Gabriela "Gaby" Andersen-Schiess (born May 20, 1945) is a former Swiss long-distance runner who participated in the first women's Olympic marathon at the 1984 Summer Olympics. Though living in Idaho and working as a ski instructor at the time, Andersen-Schiess represented Switzerland in the 1984 Los Angeles Games.
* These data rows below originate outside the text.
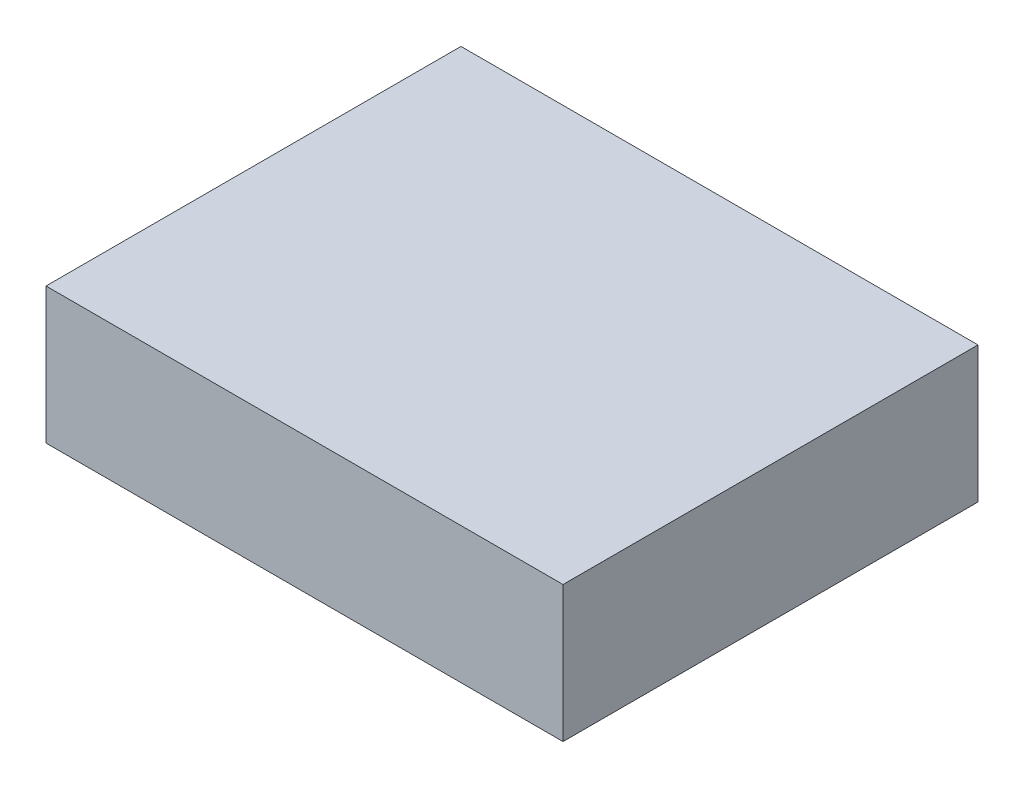
ISO-10303-21;
HEADER;
FILE_DESCRIPTION(('STEP AP214'),'2;1');
FILE_NAME('part.step','',(''),(''),'','','');
FILE_SCHEMA(('AUTOMOTIVE_DESIGN { 1 0 10303 214 1 1 1 1 }'));
ENDSEC;
DATA;
#1=APPLICATION_CONTEXT('core data for automotive mechanical design processes');
#2=APPLICATION_PROTOCOL_DEFINITION('international standard','automotive_design',2000,#1);
#3=PRODUCT_CONTEXT('',#1,'mechanical');
#4=PRODUCT('Part','Part','',(#3));
#5=PRODUCT_RELATED_PRODUCT_CATEGORY('part','',(#4));
#6=PRODUCT_DEFINITION_FORMATION('','',#4);
#7=PRODUCT_DEFINITION_CONTEXT('part definition',#1,'design');
#8=PRODUCT_DEFINITION('design','',#6,#7);
#9=PRODUCT_DEFINITION_SHAPE('','',#8);
#10=(LENGTH_UNIT() NAMED_UNIT(*) SI_UNIT(.MILLI.,.METRE.));
#11=(NAMED_UNIT(*) PLANE_ANGLE_UNIT() SI_UNIT($,.RADIAN.));
#12=(NAMED_UNIT(*) SI_UNIT($,.STERADIAN.) SOLID_ANGLE_UNIT());
#13=UNCERTAINTY_MEASURE_WITH_UNIT(LENGTH_MEASURE(1.E-05),#10,'distance_accuracy_value','');
#14=(GEOMETRIC_REPRESENTATION_CONTEXT(3) GLOBAL_UNCERTAINTY_ASSIGNED_CONTEXT((#13)) GLOBAL_UNIT_ASSIGNED_CONTEXT((#10,
#11,#12)) REPRESENTATION_CONTEXT('',''));
#15=CARTESIAN_POINT('',(0.,0.,0.));
#16=DIRECTION('',(0.,0.,1.));
#17=DIRECTION('',(1.,0.,0.));
#18=AXIS2_PLACEMENT_3D('',#15,#16,#17);
#19=CARTESIAN_POINT('',(-28.7292225201072,20.,-15.230563002681));
#20=DIRECTION('',(1.,0.,0.));
#21=DIRECTION('',(0.,0.,-1.));
#22=AXIS2_PLACEMENT_3D('',#19,#20,#21);
#23=PLANE('',#22);
#24=DIRECTION('',(0.,0.,1.));
#25=VECTOR('',#24,1.);
#26=CARTESIAN_POINT('',(-28.7292225201072,0.,-15.230563002681));
#27=LINE('',#26,#25);
#28=CARTESIAN_POINT('',(-28.7292225201072,0.,-15.230563002681));
#29=VERTEX_POINT('',#28);
#30=CARTESIAN_POINT('',(-28.7292225201072,0.,45.769436997319));
#31=VERTEX_POINT('',#30);
#32=EDGE_CURVE('E100',#29,#31,#27,.T.);
#33=ORIENTED_EDGE('',*,*,#32,.T.);
#34=DIRECTION('',(0.,-1.,0.));
#35=VECTOR('',#34,1.);
#36=CARTESIAN_POINT('',(-28.7292225201072,20.,45.769436997319));
#37=LINE('',#36,#35);
#38=CARTESIAN_POINT('',(-28.7292225201072,20.,45.769436997319));
#39=VERTEX_POINT('',#38);
#40=EDGE_CURVE('E11',#39,#31,#37,.T.);
#41=ORIENTED_EDGE('',*,*,#40,.F.);
#42=DIRECTION('',(0.,0.,1.));
#43=VECTOR('',#42,1.);
#44=CARTESIAN_POINT('',(-28.7292225201072,20.,-15.230563002681));
#45=LINE('',#44,#43);
#46=CARTESIAN_POINT('',(-28.7292225201072,20.,-15.230563002681));
#47=VERTEX_POINT('',#46);
#48=EDGE_CURVE('E88',#47,#39,#45,.T.);
#49=ORIENTED_EDGE('',*,*,#48,.F.);
#50=DIRECTION('',(0.,-1.,0.));
#51=VECTOR('',#50,1.);
#52=CARTESIAN_POINT('',(-28.7292225201072,20.,-15.230563002681));
#53=LINE('',#52,#51);
#54=EDGE_CURVE('E96',#47,#29,#53,.T.);
#55=ORIENTED_EDGE('',*,*,#54,.T.);
#56=EDGE_LOOP('',(#33,#41,#49,#55));
#57=FACE_BOUND('',#56,.T.);
#58=ADVANCED_FACE('F37',(#57),#23,.F.);
#59=CARTESIAN_POINT('',(-28.7292225201072,20.,45.769436997319));
#60=DIRECTION('',(0.,0.,-1.));
#61=DIRECTION('',(-1.,0.,0.));
#62=AXIS2_PLACEMENT_3D('',#59,#60,#61);
#63=PLANE('',#62);
#64=DIRECTION('',(1.,0.,0.));
#65=VECTOR('',#64,1.);
#66=CARTESIAN_POINT('',(-28.7292225201072,0.,45.769436997319));
#67=LINE('',#66,#65);
#68=CARTESIAN_POINT('',(47.2707774798928,0.,45.769436997319));
#69=VERTEX_POINT('',#68);
#70=EDGE_CURVE('E92',#31,#69,#67,.T.);
#71=ORIENTED_EDGE('',*,*,#70,.T.);
#72=DIRECTION('',(0.,-1.,0.));
#73=VECTOR('',#72,1.);
#74=CARTESIAN_POINT('',(47.2707774798928,20.,45.769436997319));
#75=LINE('',#74,#73);
#76=CARTESIAN_POINT('',(47.2707774798928,20.,45.769436997319));
#77=VERTEX_POINT('',#76);
#78=EDGE_CURVE('E45',#77,#69,#75,.T.);
#79=ORIENTED_EDGE('',*,*,#78,.F.);
#80=DIRECTION('',(1.,0.,0.));
#81=VECTOR('',#80,1.);
#82=CARTESIAN_POINT('',(-28.7292225201072,20.,45.769436997319));
#83=LINE('',#82,#81);
#84=EDGE_CURVE('E83',#39,#77,#83,.T.);
#85=ORIENTED_EDGE('',*,*,#84,.F.);
#86=ORIENTED_EDGE('',*,*,#40,.T.);
#87=EDGE_LOOP('',(#71,#79,#85,#86));
#88=FACE_BOUND('',#87,.T.);
#89=ADVANCED_FACE('F91',(#88),#63,.F.);
#90=CARTESIAN_POINT('',(47.2707774798928,20.,-15.230563002681));
#91=DIRECTION('',(-1.,0.,0.));
#92=DIRECTION('',(0.,0.,1.));
#93=AXIS2_PLACEMENT_3D('',#90,#91,#92);
#94=PLANE('',#93);
#95=DIRECTION('',(0.,0.,-1.));
#96=VECTOR('',#95,1.);
#97=CARTESIAN_POINT('',(47.2707774798928,0.,-15.230563002681));
#98=LINE('',#97,#96);
#99=CARTESIAN_POINT('',(47.2707774798928,0.,-15.230563002681));
#100=VERTEX_POINT('',#99);
#101=EDGE_CURVE('E70',#69,#100,#98,.T.);
#102=ORIENTED_EDGE('',*,*,#101,.T.);
#103=DIRECTION('',(0.,-1.,0.));
#104=VECTOR('',#103,1.);
#105=CARTESIAN_POINT('',(47.2707774798928,20.,-15.230563002681));
#106=LINE('',#105,#104);
#107=CARTESIAN_POINT('',(47.2707774798928,20.,-15.230563002681));
#108=VERTEX_POINT('',#107);
#109=EDGE_CURVE('E93',#108,#100,#106,.T.);
#110=ORIENTED_EDGE('',*,*,#109,.F.);
#111=DIRECTION('',(0.,0.,-1.));
#112=VECTOR('',#111,1.);
#113=CARTESIAN_POINT('',(47.2707774798928,20.,-15.230563002681));
#114=LINE('',#113,#112);
#115=EDGE_CURVE('E86',#77,#108,#114,.T.);
#116=ORIENTED_EDGE('',*,*,#115,.F.);
#117=ORIENTED_EDGE('',*,*,#78,.T.);
#118=EDGE_LOOP('',(#102,#110,#116,#117));
#119=FACE_BOUND('',#118,.T.);
#120=ADVANCED_FACE('F94',(#119),#94,.F.);
#121=CARTESIAN_POINT('',(-28.7292225201072,20.,-15.230563002681));
#122=DIRECTION('',(0.,0.,1.));
#123=DIRECTION('',(1.,0.,0.));
#124=AXIS2_PLACEMENT_3D('',#121,#122,#123);
#125=PLANE('',#124);
#126=DIRECTION('',(-1.,0.,0.));
#127=VECTOR('',#126,1.);
#128=CARTESIAN_POINT('',(-28.7292225201072,0.,-15.230563002681));
#129=LINE('',#128,#127);
#130=EDGE_CURVE('E76',#100,#29,#129,.T.);
#131=ORIENTED_EDGE('',*,*,#130,.T.);
#132=ORIENTED_EDGE('',*,*,#54,.F.);
#133=DIRECTION('',(-1.,0.,0.));
#134=VECTOR('',#133,1.);
#135=CARTESIAN_POINT('',(-28.7292225201072,20.,-15.230563002681));
#136=LINE('',#135,#134);
#137=EDGE_CURVE('E53',#108,#47,#136,.T.);
#138=ORIENTED_EDGE('',*,*,#137,.F.);
#139=ORIENTED_EDGE('',*,*,#109,.T.);
#140=EDGE_LOOP('',(#131,#132,#138,#139));
#141=FACE_BOUND('',#140,.T.);
#142=ADVANCED_FACE('F107',(#141),#125,.F.);
#143=CARTESIAN_POINT('',(0.,20.,0.));
#144=DIRECTION('',(0.,1.,0.));
#145=DIRECTION('',(0.,0.,1.));
#146=AXIS2_PLACEMENT_3D('',#143,#144,#145);
#147=PLANE('',#146);
#148=ORIENTED_EDGE('',*,*,#48,.T.);
#149=ORIENTED_EDGE('',*,*,#84,.T.);
#150=ORIENTED_EDGE('',*,*,#115,.T.);
#151=ORIENTED_EDGE('',*,*,#137,.T.);
#152=EDGE_LOOP('',(#148,#149,#150,#151));
#153=FACE_BOUND('',#152,.T.);
#154=ADVANCED_FACE('F84',(#153),#147,.T.);
#155=CARTESIAN_POINT('',(0.,0.,0.));
#156=DIRECTION('',(0.,1.,0.));
#157=DIRECTION('',(0.,0.,1.));
#158=AXIS2_PLACEMENT_3D('',#155,#156,#157);
#159=PLANE('',#158);
#160=ORIENTED_EDGE('',*,*,#32,.F.);
#161=ORIENTED_EDGE('',*,*,#130,.F.);
#162=ORIENTED_EDGE('',*,*,#101,.F.);
#163=ORIENTED_EDGE('',*,*,#70,.F.);
#164=EDGE_LOOP('',(#160,#161,#162,#163));
#165=FACE_BOUND('',#164,.T.);
#166=ADVANCED_FACE('F110',(#165),#159,.F.);
#167=CLOSED_SHELL('',(#58,#89,#120,#142,#154,#166));
#168=MANIFOLD_SOLID_BREP('B2',#167);
#169=ADVANCED_BREP_SHAPE_REPRESENTATION('',(#18,#168),#14);
#170=SHAPE_DEFINITION_REPRESENTATION(#9,#169);
ENDSEC;
END-ISO-10303-21;

Fourteen minutes into the 1984 Olympic marathon, Joan Benoit began to pull away from the rest of the pack. She went on to win in a time of 2 hours, 24 minutes, and 52 seconds. Twenty minutes after Benoit finished, then 39-year-old Andersen-Schiess entered the stadium. The crowd gasped in horror as she staggered onto the track, her torso twisted, her left arm limp, her right leg mostly seized. She waved away medical personnel who rushed to help her, knowing that, if they touched her, she would be disqualified. The L.A. Coliseum crowd looked on as she limped around the track in the race’s final 400 meters, occasionally stopping and holding her head. While the effects of her heat exhaustion were plainly evident, trackside medics saw that she was perspiring, which meant that her body still had some disposable fluids, and let her continue her march to the finish line. At the completion of this final lap—which took Andersen-Schiess five minutes and 44 seconds—she fell across the finish line. She finished 37th, ahead of seven other runners. Medical personnel tended to her immediately and, miraculously, she was released two hours later. Her time of 2:48:45 would have won the gold medal in the first five Olympic marathons.[1]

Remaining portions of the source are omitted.